## Study material

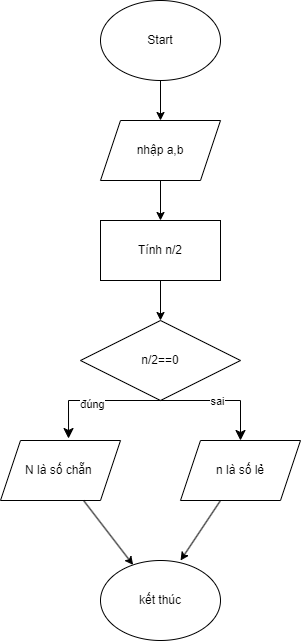

The diagram above was exported from draw.io. Its source (the exported page's mxGraphModel, read from the mxfile embedded in the PNG):
<mxGraphModel dx="1390" dy="755" grid="1" gridSize="10" guides="1" tooltips="1" connect="1" arrows="1" fold="1" page="1" pageScale="1" pageWidth="827" pageHeight="1169" math="0" shadow="0">
  <root>
    <mxCell id="0" />
    <mxCell id="1" parent="0" />
    <mxCell id="sUhmRHc_oHuRe-969rdJ-46" value="Start" style="ellipse;whiteSpace=wrap;html=1;" vertex="1" parent="1">
      <mxGeometry x="290" y="80" width="120" height="80" as="geometry" />
    </mxCell>
    <mxCell id="sUhmRHc_oHuRe-969rdJ-47" value="" style="endArrow=classic;html=1;rounded=0;" edge="1" parent="1" source="sUhmRHc_oHuRe-969rdJ-49">
      <mxGeometry width="50" height="50" relative="1" as="geometry">
        <mxPoint x="360" y="450" as="sourcePoint" />
        <mxPoint x="350" y="240" as="targetPoint" />
      </mxGeometry>
    </mxCell>
    <mxCell id="sUhmRHc_oHuRe-969rdJ-48" value="" style="endArrow=classic;html=1;rounded=0;" edge="1" parent="1" source="sUhmRHc_oHuRe-969rdJ-46" target="sUhmRHc_oHuRe-969rdJ-49">
      <mxGeometry width="50" height="50" relative="1" as="geometry">
        <mxPoint x="350" y="160" as="sourcePoint" />
        <mxPoint x="350" y="240" as="targetPoint" />
      </mxGeometry>
    </mxCell>
    <mxCell id="sUhmRHc_oHuRe-969rdJ-49" value="nhập a,b" style="shape=parallelogram;perimeter=parallelogramPerimeter;whiteSpace=wrap;html=1;fixedSize=1;" vertex="1" parent="1">
      <mxGeometry x="290" y="200" width="120" height="60" as="geometry" />
    </mxCell>
    <mxCell id="sUhmRHc_oHuRe-969rdJ-50" value="Tính n/2" style="rounded=0;whiteSpace=wrap;html=1;" vertex="1" parent="1">
      <mxGeometry x="290" y="300" width="120" height="60" as="geometry" />
    </mxCell>
    <mxCell id="sUhmRHc_oHuRe-969rdJ-51" value="" style="endArrow=classic;html=1;rounded=0;exitX=0.5;exitY=1;exitDx=0;exitDy=0;exitPerimeter=0;" edge="1" parent="1" source="sUhmRHc_oHuRe-969rdJ-49" target="sUhmRHc_oHuRe-969rdJ-50">
      <mxGeometry width="50" height="50" relative="1" as="geometry">
        <mxPoint x="360" y="450" as="sourcePoint" />
        <mxPoint x="410" y="400" as="targetPoint" />
      </mxGeometry>
    </mxCell>
    <mxCell id="sUhmRHc_oHuRe-969rdJ-52" value="n/2==0" style="rhombus;whiteSpace=wrap;html=1;" vertex="1" parent="1">
      <mxGeometry x="270" y="400" width="160" height="80" as="geometry" />
    </mxCell>
    <mxCell id="sUhmRHc_oHuRe-969rdJ-53" value="" style="endArrow=classic;html=1;rounded=0;" edge="1" parent="1" target="sUhmRHc_oHuRe-969rdJ-52">
      <mxGeometry width="50" height="50" relative="1" as="geometry">
        <mxPoint x="350" y="360" as="sourcePoint" />
        <mxPoint x="410" y="400" as="targetPoint" />
      </mxGeometry>
    </mxCell>
    <mxCell id="sUhmRHc_oHuRe-969rdJ-54" value="" style="edgeStyle=elbowEdgeStyle;elbow=vertical;endArrow=classic;html=1;curved=0;rounded=0;endSize=8;startSize=8;exitX=0.5;exitY=1;exitDx=0;exitDy=0;entryX=0.5;entryY=0;entryDx=0;entryDy=0;" edge="1" parent="1" source="sUhmRHc_oHuRe-969rdJ-52" target="sUhmRHc_oHuRe-969rdJ-56">
      <mxGeometry width="50" height="50" relative="1" as="geometry">
        <mxPoint x="380" y="470" as="sourcePoint" />
        <mxPoint x="450" y="530" as="targetPoint" />
        <Array as="points">
          <mxPoint x="450" y="480" />
        </Array>
      </mxGeometry>
    </mxCell>
    <mxCell id="sUhmRHc_oHuRe-969rdJ-55" value="sai" style="edgeLabel;html=1;align=center;verticalAlign=middle;resizable=0;points=[];" vertex="1" connectable="0" parent="sUhmRHc_oHuRe-969rdJ-54">
      <mxGeometry x="-0.0667" relative="1" as="geometry">
        <mxPoint as="offset" />
      </mxGeometry>
    </mxCell>
    <mxCell id="sUhmRHc_oHuRe-969rdJ-56" value="n là số lẻ" style="shape=parallelogram;perimeter=parallelogramPerimeter;whiteSpace=wrap;html=1;fixedSize=1;" vertex="1" parent="1">
      <mxGeometry x="370" y="520" width="120" height="60" as="geometry" />
    </mxCell>
    <mxCell id="sUhmRHc_oHuRe-969rdJ-57" value="N là số chẵn&amp;nbsp;" style="shape=parallelogram;perimeter=parallelogramPerimeter;whiteSpace=wrap;html=1;fixedSize=1;" vertex="1" parent="1">
      <mxGeometry x="190" y="520" width="120" height="60" as="geometry" />
    </mxCell>
    <mxCell id="sUhmRHc_oHuRe-969rdJ-58" value="" style="edgeStyle=segmentEdgeStyle;endArrow=classic;html=1;curved=0;rounded=0;endSize=8;startSize=8;entryX=0.567;entryY=-0.033;entryDx=0;entryDy=0;entryPerimeter=0;exitX=0.5;exitY=1;exitDx=0;exitDy=0;" edge="1" parent="1" source="sUhmRHc_oHuRe-969rdJ-52" target="sUhmRHc_oHuRe-969rdJ-57">
      <mxGeometry width="50" height="50" relative="1" as="geometry">
        <mxPoint x="320" y="470" as="sourcePoint" />
        <mxPoint x="310" y="590" as="targetPoint" />
      </mxGeometry>
    </mxCell>
    <mxCell id="sUhmRHc_oHuRe-969rdJ-59" value="đúng" style="edgeLabel;html=1;align=center;verticalAlign=middle;resizable=0;points=[];" vertex="1" connectable="0" parent="sUhmRHc_oHuRe-969rdJ-58">
      <mxGeometry x="0.0614" y="3" relative="1" as="geometry">
        <mxPoint as="offset" />
      </mxGeometry>
    </mxCell>
    <mxCell id="sUhmRHc_oHuRe-969rdJ-60" value="kết thúc" style="ellipse;whiteSpace=wrap;html=1;" vertex="1" parent="1">
      <mxGeometry x="290" y="640" width="120" height="80" as="geometry" />
    </mxCell>
    <mxCell id="sUhmRHc_oHuRe-969rdJ-61" value="" style="endArrow=classic;html=1;rounded=0;" edge="1" parent="1" source="sUhmRHc_oHuRe-969rdJ-57" target="sUhmRHc_oHuRe-969rdJ-60">
      <mxGeometry width="50" height="50" relative="1" as="geometry">
        <mxPoint x="360" y="450" as="sourcePoint" />
        <mxPoint x="410" y="400" as="targetPoint" />
      </mxGeometry>
    </mxCell>
    <mxCell id="sUhmRHc_oHuRe-969rdJ-62" value="" style="endArrow=classic;html=1;rounded=0;entryX=0.667;entryY=0;entryDx=0;entryDy=0;entryPerimeter=0;" edge="1" parent="1" source="sUhmRHc_oHuRe-969rdJ-56" target="sUhmRHc_oHuRe-969rdJ-60">
      <mxGeometry width="50" height="50" relative="1" as="geometry">
        <mxPoint x="360" y="450" as="sourcePoint" />
        <mxPoint x="410" y="400" as="targetPoint" />
      </mxGeometry>
    </mxCell>
  </root>
</mxGraphModel>

## Task instructions
Once more, please print all the lines above exactly, without their pictures.

## Result of the exercise
The diagram above was exported from draw.io. Its source (the exported page's mxGraphModel, read from the mxfile embedded in the PNG):
<mxGraphModel dx="1390" dy="755" grid="1" gridSize="10" guides="1" tooltips="1" connect="1" arrows="1" fold="1" page="1" pageScale="1" pageWidth="827" pageHeight="1169" math="0" shadow="0">
  <root>
    <mxCell id="0" />
    <mxCell id="1" parent="0" />
    <mxCell id="sUhmRHc_oHuRe-969rdJ-46" value="Start" style="ellipse;whiteSpace=wrap;html=1;" vertex="1" parent="1">
      <mxGeometry x="290" y="80" width="120" height="80" as="geometry" />
    </mxCell>
    <mxCell id="sUhmRHc_oHuRe-969rdJ-47" value="" style="endArrow=classic;html=1;rounded=0;" edge="1" parent="1" source="sUhmRHc_oHuRe-969rdJ-49">
      <mxGeometry width="50" height="50" relative="1" as="geometry">
        <mxPoint x="360" y="450" as="sourcePoint" />
        <mxPoint x="350" y="240" as="targetPoint" />
      </mxGeometry>
    </mxCell>
    <mxCell id="sUhmRHc_oHuRe-969rdJ-48" value="" style="endArrow=classic;html=1;rounded=0;" edge="1" parent="1" source="sUhmRHc_oHuRe-969rdJ-46" target="sUhmRHc_oHuRe-969rdJ-49">
      <mxGeometry width="50" height="50" relative="1" as="geometry">
        <mxPoint x="350" y="160" as="sourcePoint" />
        <mxPoint x="350" y="240" as="targetPoint" />
      </mxGeometry>
    </mxCell>
    <mxCell id="sUhmRHc_oHuRe-969rdJ-49" value="nhập a,b" style="shape=parallelogram;perimeter=parallelogramPerimeter;whiteSpace=wrap;html=1;fixedSize=1;" vertex="1" parent="1">
      <mxGeometry x="290" y="200" width="120" height="60" as="geometry" />
    </mxCell>
    <mxCell id="sUhmRHc_oHuRe-969rdJ-50" value="Tính n/2" style="rounded=0;whiteSpace=wrap;html=1;" vertex="1" parent="1">
      <mxGeometry x="290" y="300" width="120" height="60" as="geometry" />
    </mxCell>
    <mxCell id="sUhmRHc_oHuRe-969rdJ-51" value="" style="endArrow=classic;html=1;rounded=0;exitX=0.5;exitY=1;exitDx=0;exitDy=0;exitPerimeter=0;" edge="1" parent="1" source="sUhmRHc_oHuRe-969rdJ-49" target="sUhmRHc_oHuRe-969rdJ-50">
      <mxGeometry width="50" height="50" relative="1" as="geometry">
        <mxPoint x="360" y="450" as="sourcePoint" />
        <mxPoint x="410" y="400" as="targetPoint" />
      </mxGeometry>
    </mxCell>
    <mxCell id="sUhmRHc_oHuRe-969rdJ-52" value="n/2==0" style="rhombus;whiteSpace=wrap;html=1;" vertex="1" parent="1">
      <mxGeometry x="270" y="400" width="160" height="80" as="geometry" />
    </mxCell>
    <mxCell id="sUhmRHc_oHuRe-969rdJ-53" value="" style="endArrow=classic;html=1;rounded=0;" edge="1" parent="1" target="sUhmRHc_oHuRe-969rdJ-52">
      <mxGeometry width="50" height="50" relative="1" as="geometry">
        <mxPoint x="350" y="360" as="sourcePoint" />
        <mxPoint x="410" y="400" as="targetPoint" />
      </mxGeometry>
    </mxCell>
    <mxCell id="sUhmRHc_oHuRe-969rdJ-54" value="" style="edgeStyle=elbowEdgeStyle;elbow=vertical;endArrow=classic;html=1;curved=0;rounded=0;endSize=8;startSize=8;exitX=0.5;exitY=1;exitDx=0;exitDy=0;entryX=0.5;entryY=0;entryDx=0;entryDy=0;" edge="1" parent="1" source="sUhmRHc_oHuRe-969rdJ-52" target="sUhmRHc_oHuRe-969rdJ-56">
      <mxGeometry width="50" height="50" relative="1" as="geometry">
        <mxPoint x="380" y="470" as="sourcePoint" />
        <mxPoint x="450" y="530" as="targetPoint" />
        <Array as="points">
          <mxPoint x="450" y="480" />
        </Array>
      </mxGeometry>
    </mxCell>
    <mxCell id="sUhmRHc_oHuRe-969rdJ-55" value="sai" style="edgeLabel;html=1;align=center;verticalAlign=middle;resizable=0;points=[];" vertex="1" connectable="0" parent="sUhmRHc_oHuRe-969rdJ-54">
      <mxGeometry x="-0.0667" relative="1" as="geometry">
        <mxPoint as="offset" />
      </mxGeometry>
    </mxCell>
    <mxCell id="sUhmRHc_oHuRe-969rdJ-56" value="n là số lẻ" style="shape=parallelogram;perimeter=parallelogramPerimeter;whiteSpace=wrap;html=1;fixedSize=1;" vertex="1" parent="1">
      <mxGeometry x="370" y="520" width="120" height="60" as="geometry" />
    </mxCell>
    <mxCell id="sUhmRHc_oHuRe-969rdJ-57" value="N là số chẵn&amp;nbsp;" style="shape=parallelogram;perimeter=parallelogramPerimeter;whiteSpace=wrap;html=1;fixedSize=1;" vertex="1" parent="1">
      <mxGeometry x="190" y="520" width="120" height="60" as="geometry" />
    </mxCell>
    <mxCell id="sUhmRHc_oHuRe-969rdJ-58" value="" style="edgeStyle=segmentEdgeStyle;endArrow=classic;html=1;curved=0;rounded=0;endSize=8;startSize=8;entryX=0.567;entryY=-0.033;entryDx=0;entryDy=0;entryPerimeter=0;exitX=0.5;exitY=1;exitDx=0;exitDy=0;" edge="1" parent="1" source="sUhmRHc_oHuRe-969rdJ-52" target="sUhmRHc_oHuRe-969rdJ-57">
      <mxGeometry width="50" height="50" relative="1" as="geometry">
        <mxPoint x="320" y="470" as="sourcePoint" />
        <mxPoint x="310" y="590" as="targetPoint" />
      </mxGeometry>
    </mxCell>
    <mxCell id="sUhmRHc_oHuRe-969rdJ-59" value="đúng" style="edgeLabel;html=1;align=center;verticalAlign=middle;resizable=0;points=[];" vertex="1" connectable="0" parent="sUhmRHc_oHuRe-969rdJ-58">
      <mxGeometry x="0.0614" y="3" relative="1" as="geometry">
        <mxPoint as="offset" />
      </mxGeometry>
    </mxCell>
    <mxCell id="sUhmRHc_oHuRe-969rdJ-60" value="kết thúc" style="ellipse;whiteSpace=wrap;html=1;" vertex="1" parent="1">
      <mxGeometry x="290" y="640" width="120" height="80" as="geometry" />
    </mxCell>
    <mxCell id="sUhmRHc_oHuRe-969rdJ-61" value="" style="endArrow=classic;html=1;rounded=0;" edge="1" parent="1" source="sUhmRHc_oHuRe-969rdJ-57" target="sUhmRHc_oHuRe-969rdJ-60">
      <mxGeometry width="50" height="50" relative="1" as="geometry">
        <mxPoint x="360" y="450" as="sourcePoint" />
        <mxPoint x="410" y="400" as="targetPoint" />
      </mxGeometry>
    </mxCell>
    <mxCell id="sUhmRHc_oHuRe-969rdJ-62" value="" style="endArrow=classic;html=1;rounded=0;entryX=0.667;entryY=0;entryDx=0;entryDy=0;entryPerimeter=0;" edge="1" parent="1" source="sUhmRHc_oHuRe-969rdJ-56" target="sUhmRHc_oHuRe-969rdJ-60">
      <mxGeometry width="50" height="50" relative="1" as="geometry">
        <mxPoint x="360" y="450" as="sourcePoint" />
        <mxPoint x="410" y="400" as="targetPoint" />
      </mxGeometry>
    </mxCell>
  </root>
</mxGraphModel>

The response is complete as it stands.